[How to complete this task]: Only an exact repetition of all the entries will be accepted.

Stored data
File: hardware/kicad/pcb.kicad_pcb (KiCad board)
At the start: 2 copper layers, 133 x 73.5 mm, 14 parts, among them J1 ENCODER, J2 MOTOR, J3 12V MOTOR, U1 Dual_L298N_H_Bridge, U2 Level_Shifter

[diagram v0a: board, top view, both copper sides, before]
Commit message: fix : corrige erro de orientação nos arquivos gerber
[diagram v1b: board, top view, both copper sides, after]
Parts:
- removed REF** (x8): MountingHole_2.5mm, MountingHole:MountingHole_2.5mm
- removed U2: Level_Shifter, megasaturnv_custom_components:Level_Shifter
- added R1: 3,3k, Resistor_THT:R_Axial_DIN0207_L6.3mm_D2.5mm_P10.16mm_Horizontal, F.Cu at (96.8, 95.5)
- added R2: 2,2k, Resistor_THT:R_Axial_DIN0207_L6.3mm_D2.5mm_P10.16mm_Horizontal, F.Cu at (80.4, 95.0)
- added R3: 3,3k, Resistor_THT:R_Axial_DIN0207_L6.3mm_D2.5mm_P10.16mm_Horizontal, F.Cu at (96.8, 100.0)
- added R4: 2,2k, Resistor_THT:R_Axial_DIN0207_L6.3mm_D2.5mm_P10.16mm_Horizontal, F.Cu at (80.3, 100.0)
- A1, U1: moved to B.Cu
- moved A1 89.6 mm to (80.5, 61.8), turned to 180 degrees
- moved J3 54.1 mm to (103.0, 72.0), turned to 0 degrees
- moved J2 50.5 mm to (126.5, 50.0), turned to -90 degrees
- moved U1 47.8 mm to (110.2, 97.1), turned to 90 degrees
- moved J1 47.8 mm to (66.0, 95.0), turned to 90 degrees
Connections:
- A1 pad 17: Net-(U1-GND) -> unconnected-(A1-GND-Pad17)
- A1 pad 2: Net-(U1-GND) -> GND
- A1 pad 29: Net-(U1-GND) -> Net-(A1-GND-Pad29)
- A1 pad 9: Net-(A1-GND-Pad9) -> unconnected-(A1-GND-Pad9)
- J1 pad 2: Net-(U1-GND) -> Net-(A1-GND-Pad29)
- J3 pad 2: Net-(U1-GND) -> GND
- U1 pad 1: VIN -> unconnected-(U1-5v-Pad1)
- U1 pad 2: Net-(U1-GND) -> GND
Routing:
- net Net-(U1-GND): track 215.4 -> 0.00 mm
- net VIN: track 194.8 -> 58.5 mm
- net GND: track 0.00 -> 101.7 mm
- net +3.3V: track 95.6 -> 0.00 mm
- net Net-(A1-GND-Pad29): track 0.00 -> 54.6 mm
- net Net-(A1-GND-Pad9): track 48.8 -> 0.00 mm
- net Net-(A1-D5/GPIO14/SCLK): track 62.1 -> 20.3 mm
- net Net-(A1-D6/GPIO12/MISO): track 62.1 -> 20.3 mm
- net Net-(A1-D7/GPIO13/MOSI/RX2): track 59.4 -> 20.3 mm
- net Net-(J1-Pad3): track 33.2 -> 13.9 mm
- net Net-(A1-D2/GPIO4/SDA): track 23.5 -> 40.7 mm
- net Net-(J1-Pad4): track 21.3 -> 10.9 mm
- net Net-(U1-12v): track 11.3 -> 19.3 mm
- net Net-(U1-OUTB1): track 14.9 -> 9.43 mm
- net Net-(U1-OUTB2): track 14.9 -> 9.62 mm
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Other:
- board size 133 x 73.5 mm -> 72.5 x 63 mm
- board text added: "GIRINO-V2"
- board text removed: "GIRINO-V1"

[Reply]:
File: hardware/kicad/pcb.kicad_pcb (KiCad board)
At the start: 2 copper layers, 133 x 73.5 mm, 14 parts, among them J1 ENCODER, J2 MOTOR, J3 12V MOTOR, U1 Dual_L298N_H_Bridge, U2 Level_Shifter

[diagram v0a: board, top view, both copper sides, before]
Commit message: fix : corrige erro de orientação nos arquivos gerber
[diagram v1b: board, top view, both copper sides, after]
Parts:
- removed REF** (x8): MountingHole_2.5mm, MountingHole:MountingHole_2.5mm
- removed U2: Level_Shifter, megasaturnv_custom_components:Level_Shifter
- added R1: 3,3k, Resistor_THT:R_Axial_DIN0207_L6.3mm_D2.5mm_P10.16mm_Horizontal, F.Cu at (96.8, 95.5)
- added R2: 2,2k, Resistor_THT:R_Axial_DIN0207_L6.3mm_D2.5mm_P10.16mm_Horizontal, F.Cu at (80.4, 95.0)
- added R3: 3,3k, Resistor_THT:R_Axial_DIN0207_L6.3mm_D2.5mm_P10.16mm_Horizontal, F.Cu at (96.8, 100.0)
- added R4: 2,2k, Resistor_THT:R_Axial_DIN0207_L6.3mm_D2.5mm_P10.16mm_Horizontal, F.Cu at (80.3, 100.0)
- A1, U1: moved to B.Cu
- moved A1 89.6 mm to (80.5, 61.8), turned to 180 degrees
- moved J3 54.1 mm to (103.0, 72.0), turned to 0 degrees
- moved J2 50.5 mm to (126.5, 50.0), turned to -90 degrees
- moved U1 47.8 mm to (110.2, 97.1), turned to 90 degrees
- moved J1 47.8 mm to (66.0, 95.0), turned to 90 degrees
Connections:
- A1 pad 17: Net-(U1-GND) -> unconnected-(A1-GND-Pad17)
- A1 pad 2: Net-(U1-GND) -> GND
- A1 pad 29: Net-(U1-GND) -> Net-(A1-GND-Pad29)
- A1 pad 9: Net-(A1-GND-Pad9) -> unconnected-(A1-GND-Pad9)
- J1 pad 2: Net-(U1-GND) -> Net-(A1-GND-Pad29)
- J3 pad 2: Net-(U1-GND) -> GND
- U1 pad 1: VIN -> unconnected-(U1-5v-Pad1)
- U1 pad 2: Net-(U1-GND) -> GND
Routing:
- net Net-(U1-GND): track 215.4 -> 0.00 mm
- net VIN: track 194.8 -> 58.5 mm
- net GND: track 0.00 -> 101.7 mm
- net +3.3V: track 95.6 -> 0.00 mm
- net Net-(A1-GND-Pad29): track 0.00 -> 54.6 mm
- net Net-(A1-GND-Pad9): track 48.8 -> 0.00 mm
- net Net-(A1-D5/GPIO14/SCLK): track 62.1 -> 20.3 mm
- net Net-(A1-D6/GPIO12/MISO): track 62.1 -> 20.3 mm
- net Net-(A1-D7/GPIO13/MOSI/RX2): track 59.4 -> 20.3 mm
- net Net-(J1-Pad3): track 33.2 -> 13.9 mm
- net Net-(A1-D2/GPIO4/SDA): track 23.5 -> 40.7 mm
- net Net-(J1-Pad4): track 21.3 -> 10.9 mm
- net Net-(U1-12v): track 11.3 -> 19.3 mm
- net Net-(U1-OUTB1): track 14.9 -> 9.43 mm
- net Net-(U1-OUTB2): track 14.9 -> 9.62 mm
Other:
- board size 133 x 73.5 mm -> 72.5 x 63 mm
- board text added: "GIRINO-V2"
- board text removed: "GIRINO-V1"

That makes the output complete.